What to Weigh Up When Choosing the Best Business Entity for You
It’s possible for a business to feel like a good fit for one or more categories of legal entity. When you’re deciding on which entity is best for your business it’s a good idea to get to grips with the following:
The Effort and Complexity of Start Up
Sole proprietorships are the easiest vehicles to get started and you can report the profits and pay taxes as you would as a private citizen. However, if you intend to seek venture funding or angel investment – you’re going to find that a sole proprietorship is a distinct disadvantage because the investors won’t be able to take a shareholding position in your business. A partnership requires a partnership agreement which stipulates the details between all the people involved in the business as a partner. LLCs and Corporations cost more to start and require additional legal and tax compliance.
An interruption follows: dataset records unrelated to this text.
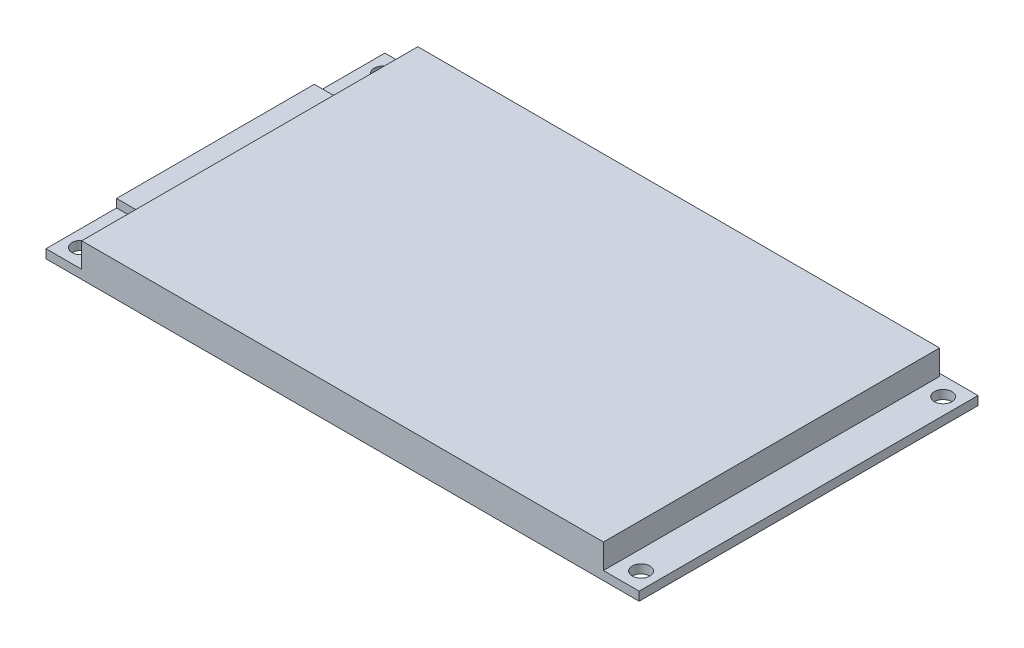
ISO-10303-21;
HEADER;
FILE_DESCRIPTION(('STEP AP214'),'2;1');
FILE_NAME('part.step','',(''),(''),'','','');
FILE_SCHEMA(('AUTOMOTIVE_DESIGN { 1 0 10303 214 1 1 1 1 }'));
ENDSEC;
DATA;
#1=APPLICATION_CONTEXT('core data for automotive mechanical design processes');
#2=APPLICATION_PROTOCOL_DEFINITION('international standard','automotive_design',2000,#1);
#3=PRODUCT_CONTEXT('',#1,'mechanical');
#4=PRODUCT('Part','Part','',(#3));
#5=PRODUCT_RELATED_PRODUCT_CATEGORY('part','',(#4));
#6=PRODUCT_DEFINITION_FORMATION('','',#4);
#7=PRODUCT_DEFINITION_CONTEXT('part definition',#1,'design');
#8=PRODUCT_DEFINITION('design','',#6,#7);
#9=PRODUCT_DEFINITION_SHAPE('','',#8);
#10=(LENGTH_UNIT() NAMED_UNIT(*) SI_UNIT(.MILLI.,.METRE.));
#11=(NAMED_UNIT(*) PLANE_ANGLE_UNIT() SI_UNIT($,.RADIAN.));
#12=(NAMED_UNIT(*) SI_UNIT($,.STERADIAN.) SOLID_ANGLE_UNIT());
#13=UNCERTAINTY_MEASURE_WITH_UNIT(LENGTH_MEASURE(1.E-05),#10,'distance_accuracy_value','');
#14=(GEOMETRIC_REPRESENTATION_CONTEXT(3) GLOBAL_UNCERTAINTY_ASSIGNED_CONTEXT((#13)) GLOBAL_UNIT_ASSIGNED_CONTEXT((#10,
#11,#12)) REPRESENTATION_CONTEXT('',''));
#15=CARTESIAN_POINT('',(0.,0.,0.));
#16=DIRECTION('',(0.,0.,1.));
#17=DIRECTION('',(1.,0.,0.));
#18=AXIS2_PLACEMENT_3D('',#15,#16,#17);
#19=CARTESIAN_POINT('',(0.,1.6,0.));
#20=DIRECTION('',(0.,1.,0.));
#21=DIRECTION('',(0.,0.,1.));
#22=AXIS2_PLACEMENT_3D('',#19,#20,#21);
#23=PLANE('',#22);
#24=CARTESIAN_POINT('',(-51.,1.6,-27.5));
#25=DIRECTION('',(0.,1.,0.));
#26=DIRECTION('',(0.,0.,1.));
#27=AXIS2_PLACEMENT_3D('',#24,#25,#26);
#28=CIRCLE('',#27,1.6);
#29=CARTESIAN_POINT('',(-51.,1.6,-25.9));
#30=VERTEX_POINT('',#29);
#31=EDGE_CURVE('E523',#30,#30,#28,.T.);
#32=ORIENTED_EDGE('',*,*,#31,.F.);
#33=EDGE_LOOP('',(#32));
#34=FACE_BOUND('',#33,.T.);
#35=CARTESIAN_POINT('',(-51.,1.6,27.5));
#36=DIRECTION('',(0.,1.,0.));
#37=DIRECTION('',(0.,0.,1.));
#38=AXIS2_PLACEMENT_3D('',#35,#36,#37);
#39=CIRCLE('',#38,1.6);
#40=CARTESIAN_POINT('',(-51.,1.6,29.1));
#41=VERTEX_POINT('',#40);
#42=EDGE_CURVE('E525',#41,#41,#39,.T.);
#43=ORIENTED_EDGE('',*,*,#42,.F.);
#44=EDGE_LOOP('',(#43));
#45=FACE_BOUND('',#44,.T.);
#46=CARTESIAN_POINT('',(51.,1.6,-27.5));
#47=DIRECTION('',(0.,1.,0.));
#48=DIRECTION('',(0.,0.,1.));
#49=AXIS2_PLACEMENT_3D('',#46,#47,#48);
#50=CIRCLE('',#49,1.6);
#51=CARTESIAN_POINT('',(51.,1.6,-25.9));
#52=VERTEX_POINT('',#51);
#53=EDGE_CURVE('E533',#52,#52,#50,.T.);
#54=ORIENTED_EDGE('',*,*,#53,.F.);
#55=EDGE_LOOP('',(#54));
#56=FACE_BOUND('',#55,.T.);
#57=CARTESIAN_POINT('',(51.,1.6,27.5));
#58=DIRECTION('',(0.,1.,0.));
#59=DIRECTION('',(0.,0.,1.));
#60=AXIS2_PLACEMENT_3D('',#57,#58,#59);
#61=CIRCLE('',#60,1.6);
#62=CARTESIAN_POINT('',(51.,1.6,29.1));
#63=VERTEX_POINT('',#62);
#64=EDGE_CURVE('E538',#63,#63,#61,.T.);
#65=ORIENTED_EDGE('',*,*,#64,.F.);
#66=EDGE_LOOP('',(#65));
#67=FACE_BOUND('',#66,.T.);
#68=DIRECTION('',(0.,0.,-1.));
#69=VECTOR('',#68,1.);
#70=CARTESIAN_POINT('',(-50.5,1.6,-18.));
#71=LINE('',#70,#69);
#72=CARTESIAN_POINT('',(-50.5,1.6,18.));
#73=VERTEX_POINT('',#72);
#74=CARTESIAN_POINT('',(-50.5,1.6,-18.));
#75=VERTEX_POINT('',#74);
#76=EDGE_CURVE('E200',#73,#75,#71,.T.);
#77=ORIENTED_EDGE('',*,*,#76,.F.);
#78=DIRECTION('',(1.,0.,0.));
#79=VECTOR('',#78,1.);
#80=CARTESIAN_POINT('',(-50.5,1.6,18.));
#81=LINE('',#80,#79);
#82=CARTESIAN_POINT('',(-54.,1.6,18.));
#83=VERTEX_POINT('',#82);
#84=EDGE_CURVE('E184',#83,#73,#81,.T.);
#85=ORIENTED_EDGE('',*,*,#84,.F.);
#86=DIRECTION('',(0.,0.,1.));
#87=VECTOR('',#86,1.);
#88=CARTESIAN_POINT('',(-54.,1.6,-30.85));
#89=LINE('',#88,#87);
#90=CARTESIAN_POINT('',(-54.,1.6,30.85));
#91=VERTEX_POINT('',#90);
#92=EDGE_CURVE('E248',#83,#91,#89,.T.);
#93=ORIENTED_EDGE('',*,*,#92,.T.);
#94=DIRECTION('',(1.,0.,0.));
#95=VECTOR('',#94,1.);
#96=CARTESIAN_POINT('',(-54.,1.6,30.85));
#97=LINE('',#96,#95);
#98=CARTESIAN_POINT('',(-47.5,1.6,30.85));
#99=VERTEX_POINT('',#98);
#100=EDGE_CURVE('E253',#91,#99,#97,.T.);
#101=ORIENTED_EDGE('',*,*,#100,.T.);
#102=DIRECTION('',(0.,0.,1.));
#103=VECTOR('',#102,1.);
#104=CARTESIAN_POINT('',(-47.5,1.6,-30.35));
#105=LINE('',#104,#103);
#106=CARTESIAN_POINT('',(-47.5,1.6,-30.35));
#107=VERTEX_POINT('',#106);
#108=EDGE_CURVE('E211',#107,#99,#105,.T.);
#109=ORIENTED_EDGE('',*,*,#108,.F.);
#110=DIRECTION('',(-1.,0.,0.));
#111=VECTOR('',#110,1.);
#112=CARTESIAN_POINT('',(-47.5,1.6,-30.35));
#113=LINE('',#112,#111);
#114=CARTESIAN_POINT('',(47.5,1.6,-30.35));
#115=VERTEX_POINT('',#114);
#116=EDGE_CURVE('E216',#115,#107,#113,.T.);
#117=ORIENTED_EDGE('',*,*,#116,.F.);
#118=DIRECTION('',(0.,0.,-1.));
#119=VECTOR('',#118,1.);
#120=CARTESIAN_POINT('',(47.5,1.6,-30.35));
#121=LINE('',#120,#119);
#122=CARTESIAN_POINT('',(47.5,1.6,30.85));
#123=VERTEX_POINT('',#122);
#124=EDGE_CURVE('E225',#123,#115,#121,.T.);
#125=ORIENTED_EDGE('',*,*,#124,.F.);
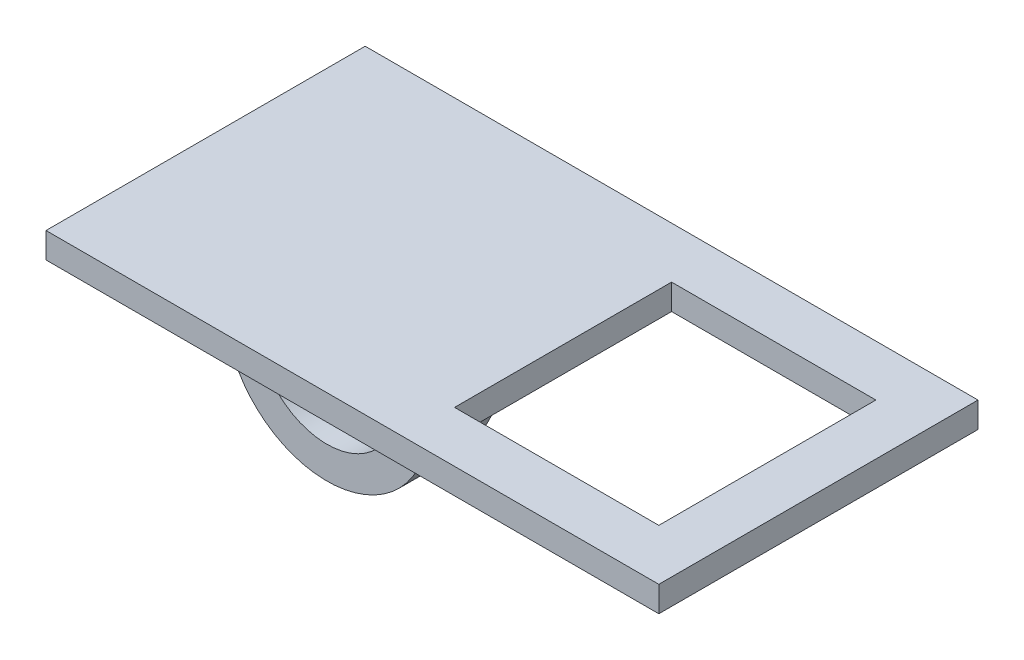
ISO-10303-21;
HEADER;
FILE_DESCRIPTION(('STEP AP214'),'2;1');
FILE_NAME('part.step','',(''),(''),'','','');
FILE_SCHEMA(('AUTOMOTIVE_DESIGN { 1 0 10303 214 1 1 1 1 }'));
ENDSEC;
DATA;
#1=APPLICATION_CONTEXT('core data for automotive mechanical design processes');
#2=APPLICATION_PROTOCOL_DEFINITION('international standard','automotive_design',2000,#1);
#3=PRODUCT_CONTEXT('',#1,'mechanical');
#4=PRODUCT('Part','Part','',(#3));
#5=PRODUCT_RELATED_PRODUCT_CATEGORY('part','',(#4));
#6=PRODUCT_DEFINITION_FORMATION('','',#4);
#7=PRODUCT_DEFINITION_CONTEXT('part definition',#1,'design');
#8=PRODUCT_DEFINITION('design','',#6,#7);
#9=PRODUCT_DEFINITION_SHAPE('','',#8);
#10=(LENGTH_UNIT() NAMED_UNIT(*) SI_UNIT(.MILLI.,.METRE.));
#11=(NAMED_UNIT(*) PLANE_ANGLE_UNIT() SI_UNIT($,.RADIAN.));
#12=(NAMED_UNIT(*) SI_UNIT($,.STERADIAN.) SOLID_ANGLE_UNIT());
#13=UNCERTAINTY_MEASURE_WITH_UNIT(LENGTH_MEASURE(1.E-05),#10,'distance_accuracy_value','');
#14=(GEOMETRIC_REPRESENTATION_CONTEXT(3) GLOBAL_UNCERTAINTY_ASSIGNED_CONTEXT((#13)) GLOBAL_UNIT_ASSIGNED_CONTEXT((#10,
#11,#12)) REPRESENTATION_CONTEXT('',''));
#15=CARTESIAN_POINT('',(0.,0.,0.));
#16=DIRECTION('',(0.,0.,1.));
#17=DIRECTION('',(1.,0.,0.));
#18=AXIS2_PLACEMENT_3D('',#15,#16,#17);
#19=CARTESIAN_POINT('',(-23.7775091583598,-2.30006043936903,2.5));
#20=DIRECTION('',(0.995353981388025,0.0962831851104194,0.));
#21=DIRECTION('',(-0.0962831851104194,0.995353981388025,0.));
#22=AXIS2_PLACEMENT_3D('',#19,#20,#21);
#23=PLANE('',#22);
#24=DIRECTION('',(0.0962831851104194,-0.995353981388025,0.));
#25=VECTOR('',#24,1.);
#26=CARTESIAN_POINT('',(-23.7775091583598,-2.30006043936903,-2.5));
#27=LINE('',#26,#25);
#28=CARTESIAN_POINT('',(-24.,0.,-2.5));
#29=VERTEX_POINT('',#28);
#30=CARTESIAN_POINT('',(-23.4837389348581,-5.33699114788647,-2.5));
#31=VERTEX_POINT('',#30);
#32=EDGE_CURVE('E127',#29,#31,#27,.T.);
#33=ORIENTED_EDGE('',*,*,#32,.T.);
#34=DIRECTION('',(0.,0.,-1.));
#35=VECTOR('',#34,1.);
#36=CARTESIAN_POINT('',(-23.4837389348581,-5.33699114788647,2.5));
#37=LINE('',#36,#35);
#38=CARTESIAN_POINT('',(-23.4837389348581,-5.33699114788647,2.5));
#39=VERTEX_POINT('',#38);
#40=EDGE_CURVE('E12',#39,#31,#37,.T.);
#41=ORIENTED_EDGE('',*,*,#40,.F.);
#42=DIRECTION('',(0.0962831851104194,-0.995353981388025,0.));
#43=VECTOR('',#42,1.);
#44=CARTESIAN_POINT('',(-23.7775091583598,-2.30006043936903,2.5));
#45=LINE('',#44,#43);
#46=CARTESIAN_POINT('',(-24.,0.,2.5));
#47=VERTEX_POINT('',#46);
#48=EDGE_CURVE('E143',#47,#39,#45,.T.);
#49=ORIENTED_EDGE('',*,*,#48,.F.);
#50=DIRECTION('',(0.,0.,-1.));
#51=VECTOR('',#50,1.);
#52=CARTESIAN_POINT('',(-24.,0.,2.5));
#53=LINE('',#52,#51);
#54=EDGE_CURVE('E61',#47,#29,#53,.T.);
#55=ORIENTED_EDGE('',*,*,#54,.T.);
#56=EDGE_LOOP('',(#33,#41,#49,#55));
#57=FACE_BOUND('',#56,.T.);
#58=ADVANCED_FACE('F45',(#57),#23,.F.);
#59=CARTESIAN_POINT('',(-20.,-5.,2.5));
#60=DIRECTION('',(0.,0.,-1.));
#61=DIRECTION('',(-1.,0.,0.));
#62=AXIS2_PLACEMENT_3D('',#59,#60,#61);
#63=CYLINDRICAL_SURFACE('',#62,3.5);
#64=CARTESIAN_POINT('',(-20.,-5.,-2.5));
#65=DIRECTION('',(0.,0.,1.));
#66=DIRECTION('',(1.,0.,0.));
#67=AXIS2_PLACEMENT_3D('',#64,#65,#66);
#68=CIRCLE('',#67,3.5);
#69=CARTESIAN_POINT('',(-19.6066026176593,-8.47782094127451,-2.5));
#70=VERTEX_POINT('',#69);
#71=EDGE_CURVE('E129',#31,#70,#68,.T.);
#72=ORIENTED_EDGE('',*,*,#71,.T.);
#73=DIRECTION('',(0.,0.,-1.));
#74=VECTOR('',#73,1.);
#75=CARTESIAN_POINT('',(-19.6066026176593,-8.47782094127451,2.5));
#76=LINE('',#75,#74);
#77=CARTESIAN_POINT('',(-19.6066026176593,-8.47782094127451,2.5));
#78=VERTEX_POINT('',#77);
#79=EDGE_CURVE('E53',#78,#70,#76,.T.);
#80=ORIENTED_EDGE('',*,*,#79,.F.);
#81=CARTESIAN_POINT('',(-20.,-5.,2.5));
#82=DIRECTION('',(0.,0.,1.));
#83=DIRECTION('',(1.,0.,0.));
#84=AXIS2_PLACEMENT_3D('',#81,#82,#83);
#85=CIRCLE('',#84,3.5);
#86=EDGE_CURVE('E90',#39,#78,#85,.T.);
#87=ORIENTED_EDGE('',*,*,#86,.F.);
#88=ORIENTED_EDGE('',*,*,#40,.T.);
#89=EDGE_LOOP('',(#72,#80,#87,#88));
#90=FACE_BOUND('',#89,.T.);
#91=ADVANCED_FACE('F163',(#90),#63,.T.);
#92=CARTESIAN_POINT('',(-12.,-6.,2.5));
#93=DIRECTION('',(0.,0.,-1.));
#94=DIRECTION('',(-1.,0.,0.));
#95=AXIS2_PLACEMENT_3D('',#92,#93,#94);
#96=CYLINDRICAL_SURFACE('',#95,8.);
#97=CARTESIAN_POINT('',(-12.,-6.,-2.5));
#98=DIRECTION('',(0.,0.,1.));
#99=DIRECTION('',(1.,0.,0.));
#100=AXIS2_PLACEMENT_3D('',#97,#98,#99);
#101=CIRCLE('',#100,8.);
#102=CARTESIAN_POINT('',(-4.86124543619493,-9.61084246094347,-2.5));
#103=VERTEX_POINT('',#102);
#104=EDGE_CURVE('E111',#70,#103,#101,.T.);
#105=ORIENTED_EDGE('',*,*,#104,.T.);
#106=DIRECTION('',(0.,0.,-1.));
#107=VECTOR('',#106,1.);
#108=CARTESIAN_POINT('',(-4.86124543619493,-9.61084246094347,2.5));
#109=LINE('',#108,#107);
#110=CARTESIAN_POINT('',(-4.86124543619493,-9.61084246094347,2.5));
#111=VERTEX_POINT('',#110);
#112=EDGE_CURVE('E108',#111,#103,#109,.T.);
#113=ORIENTED_EDGE('',*,*,#112,.F.);
#114=CARTESIAN_POINT('',(-12.,-6.,2.5));
#115=DIRECTION('',(0.,0.,1.));
#116=DIRECTION('',(1.,0.,0.));
#117=AXIS2_PLACEMENT_3D('',#114,#115,#116);
#118=CIRCLE('',#117,8.);
#119=EDGE_CURVE('E97',#78,#111,#118,.T.);
#120=ORIENTED_EDGE('',*,*,#119,.F.);
#121=ORIENTED_EDGE('',*,*,#79,.T.);
#122=EDGE_LOOP('',(#105,#113,#120,#121));
#123=FACE_BOUND('',#122,.T.);
#124=ADVANCED_FACE('F109',(#123),#96,.T.);
#125=CARTESIAN_POINT('',(0.,0.,2.5));
#126=DIRECTION('',(0.892344320475634,-0.451355307617934,0.));
#127=DIRECTION('',(0.451355307617934,0.892344320475634,0.));
#128=AXIS2_PLACEMENT_3D('',#125,#126,#127);
#129=PLANE('',#128);
#130=DIRECTION('',(-0.451355307617934,-0.892344320475634,0.));
#131=VECTOR('',#130,1.);
#132=CARTESIAN_POINT('',(0.,0.,-2.5));
#133=LINE('',#132,#131);
#134=CARTESIAN_POINT('',(0.,0.,-2.5));
#135=VERTEX_POINT('',#134);
#136=EDGE_CURVE('E132',#135,#103,#133,.T.);
#137=ORIENTED_EDGE('',*,*,#136,.F.);
#138=DIRECTION('',(0.,0.,-1.));
#139=VECTOR('',#138,1.);
#140=CARTESIAN_POINT('',(0.,0.,2.5));
#141=LINE('',#140,#139);
#142=CARTESIAN_POINT('',(0.,0.,2.5));
#143=VERTEX_POINT('',#142);
#144=EDGE_CURVE('E78',#143,#135,#141,.T.);
#145=ORIENTED_EDGE('',*,*,#144,.F.);
#146=DIRECTION('',(-0.451355307617934,-0.892344320475634,0.));
#147=VECTOR('',#146,1.);
#148=CARTESIAN_POINT('',(0.,0.,2.5));
#149=LINE('',#148,#147);
#150=EDGE_CURVE('E103',#143,#111,#149,.T.);
#151=ORIENTED_EDGE('',*,*,#150,.T.);
#152=ORIENTED_EDGE('',*,*,#112,.T.);
#153=EDGE_LOOP('',(#137,#145,#151,#152));
#154=FACE_BOUND('',#153,.T.);
#155=ADVANCED_FACE('F115',(#154),#129,.T.);
#156=CARTESIAN_POINT('',(-20.,-5.,2.5));
#157=DIRECTION('',(0.,0.,-1.));
#158=DIRECTION('',(-1.,0.,0.));
#159=AXIS2_PLACEMENT_3D('',#156,#157,#158);
#160=CYLINDRICAL_SURFACE('',#159,1.5);
#161=CARTESIAN_POINT('',(-20.,-5.,2.5));
#162=DIRECTION('',(0.,0.,1.));
#163=DIRECTION('',(1.,0.,0.));
#164=AXIS2_PLACEMENT_3D('',#161,#162,#163);
#165=CIRCLE('',#164,1.5);
#166=CARTESIAN_POINT('',(-18.5,-5.,2.5));
#167=VERTEX_POINT('',#166);
#168=EDGE_CURVE('E118',#167,#167,#165,.T.);
#169=ORIENTED_EDGE('',*,*,#168,.T.);
#170=EDGE_LOOP('',(#169));
#171=FACE_BOUND('',#170,.T.);
#172=CARTESIAN_POINT('',(-20.,-5.,-2.5));
#173=DIRECTION('',(0.,0.,1.));
#174=DIRECTION('',(1.,0.,0.));
#175=AXIS2_PLACEMENT_3D('',#172,#173,#174);
#176=CIRCLE('',#175,1.5);
#177=CARTESIAN_POINT('',(-18.5,-5.,-2.5));
#178=VERTEX_POINT('',#177);
#179=EDGE_CURVE('E137',#178,#178,#176,.T.);
#180=ORIENTED_EDGE('',*,*,#179,.F.);
#181=EDGE_LOOP('',(#180));
#182=FACE_BOUND('',#181,.T.);
#183=ADVANCED_FACE('F151',(#171,#182),#160,.F.);
#184=CARTESIAN_POINT('',(0.,0.,2.5));
#185=DIRECTION('',(0.,1.,0.));
#186=DIRECTION('',(0.,0.,1.));
#187=AXIS2_PLACEMENT_3D('',#184,#185,#186);
#188=PLANE('',#187);
#189=DIRECTION('',(1.,0.,0.));
#190=VECTOR('',#189,1.);
#191=CARTESIAN_POINT('',(0.,0.,-2.5));
#192=LINE('',#191,#190);
#193=EDGE_CURVE('E134',#29,#135,#192,.T.);
#194=ORIENTED_EDGE('',*,*,#193,.F.);
#195=ORIENTED_EDGE('',*,*,#54,.F.);
#196=DIRECTION('',(1.,0.,0.));
#197=VECTOR('',#196,1.);
#198=CARTESIAN_POINT('',(0.,0.,2.5));
#199=LINE('',#198,#197);
#200=EDGE_CURVE('E116',#47,#143,#199,.T.);
#201=ORIENTED_EDGE('',*,*,#200,.T.);
#202=ORIENTED_EDGE('',*,*,#144,.T.);
#203=EDGE_LOOP('',(#194,#195,#201,#202));
#204=FACE_BOUND('',#203,.T.);
#205=ADVANCED_FACE('F148',(#204),#188,.T.);
#206=CARTESIAN_POINT('',(-12.,-6.,2.5));
#207=DIRECTION('',(0.,0.,-1.));
#208=DIRECTION('',(-1.,0.,0.));
#209=AXIS2_PLACEMENT_3D('',#206,#207,#208);
#210=CYLINDRICAL_SURFACE('',#209,5.5);
#211=CARTESIAN_POINT('',(-12.,-6.,2.5));
#212=DIRECTION('',(0.,0.,1.));
#213=DIRECTION('',(1.,0.,0.));
#214=AXIS2_PLACEMENT_3D('',#211,#212,#213);
#215=CIRCLE('',#214,5.5);
#216=CARTESIAN_POINT('',(-6.5,-6.,2.5));
#217=VERTEX_POINT('',#216);
#218=EDGE_CURVE('E124',#217,#217,#215,.T.);
#219=ORIENTED_EDGE('',*,*,#218,.T.);
#220=EDGE_LOOP('',(#219));
#221=FACE_BOUND('',#220,.T.);
#222=CARTESIAN_POINT('',(-12.,-6.,-2.5));
#223=DIRECTION('',(0.,0.,1.));
#224=DIRECTION('',(1.,0.,0.));
#225=AXIS2_PLACEMENT_3D('',#222,#223,#224);
#226=CIRCLE('',#225,5.5);
#227=CARTESIAN_POINT('',(-6.5,-6.,-2.5));
#228=VERTEX_POINT('',#227);
#229=EDGE_CURVE('E140',#228,#228,#226,.T.);
#230=ORIENTED_EDGE('',*,*,#229,.F.);
#231=EDGE_LOOP('',(#230));
#232=FACE_BOUND('',#231,.T.);
#233=ADVANCED_FACE('F150',(#221,#232),#210,.F.);
#234=CARTESIAN_POINT('',(0.,0.,2.5));
#235=DIRECTION('',(0.,0.,1.));
#236=DIRECTION('',(1.,0.,0.));
#237=AXIS2_PLACEMENT_3D('',#234,#235,#236);
#238=PLANE('',#237);
#239=ORIENTED_EDGE('',*,*,#48,.T.);
#240=ORIENTED_EDGE('',*,*,#86,.T.);
#241=ORIENTED_EDGE('',*,*,#119,.T.);
#242=ORIENTED_EDGE('',*,*,#150,.F.);
#243=ORIENTED_EDGE('',*,*,#200,.F.);
#244=EDGE_LOOP('',(#239,#240,#241,#242,#243));
#245=FACE_BOUND('',#244,.T.);
#246=ORIENTED_EDGE('',*,*,#168,.F.);
#247=EDGE_LOOP('',(#246));
#248=FACE_BOUND('',#247,.T.);
#249=ORIENTED_EDGE('',*,*,#218,.F.);
#250=EDGE_LOOP('',(#249));
#251=FACE_BOUND('',#250,.T.);
#252=ADVANCED_FACE('F99',(#245,#248,#251),#238,.T.);
#253=CARTESIAN_POINT('',(0.,0.,-2.5));
#254=DIRECTION('',(0.,0.,1.));
#255=DIRECTION('',(1.,0.,0.));
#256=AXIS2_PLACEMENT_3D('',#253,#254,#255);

The Liability if the Business Fails
A freelancer who intends to incur no debts in the name of the business is probably best off opting for a sole proprietorship; they can use insurance to offset legal liability and if the company carries no debt – they won’t be require to pay it off if things go wrong. However, someone who intends to carry debt with suppliers and run a workforce is probably going to find that an LLC or corporation is better for them because their liability will be strictly limited. Partners will need to determine who is liable for what as part of their agreement or the default position is “jointly and severally” liable – that is if the business gets under – the creditors can take back their money from whoever is most able to pay.
The Taxation Agreements
Corporations and LLCs may be able to reduce, legally, their tax obligations when you compare their obligations to a sole proprietor. Partnerships may have the discretion to pay their income at different points of the year to minimize their overall tax burden. The sole proprietor just pays tax on all profits as personal income.
All of these arrangements can be beneficial and all of the can cause problems for the business owner; it’s always best to discuss with an accountant how you can keep your tax obligations to a minimum without breaking the law.
The Level of Control You Need
A corporation will have a board of directors and control of the company will be shared among those directors. A partnership will share (though not always equally) control of the company between the partners. This can be very useful in terms of steering a business but it can also be very frustrating if you want to be able to dictate every course of action.
If you need total control – you’ll be better off with an LLC or sole proprietorship where you can call all the shots without anyone else’s permission.
The Need for Investment
If you want other people’s money; you need to be able to give them something in return. If you have personal assets you can secure and want to take the risk yourself – you can. But if you want to use the business itself as your asset; you’ll need to choose a structure that investors can invest in – that is an LLC or a corporation.
The Regulatory Environment
Each state has a different set of requirements it places on different types of business. If you want to make sure that you’re only complying with what’s absolutely necessary – the simpler your business structure, in general, the easier it is to be complaint with regulations. It’s a good idea to take advice on this before you decide which business entity to use.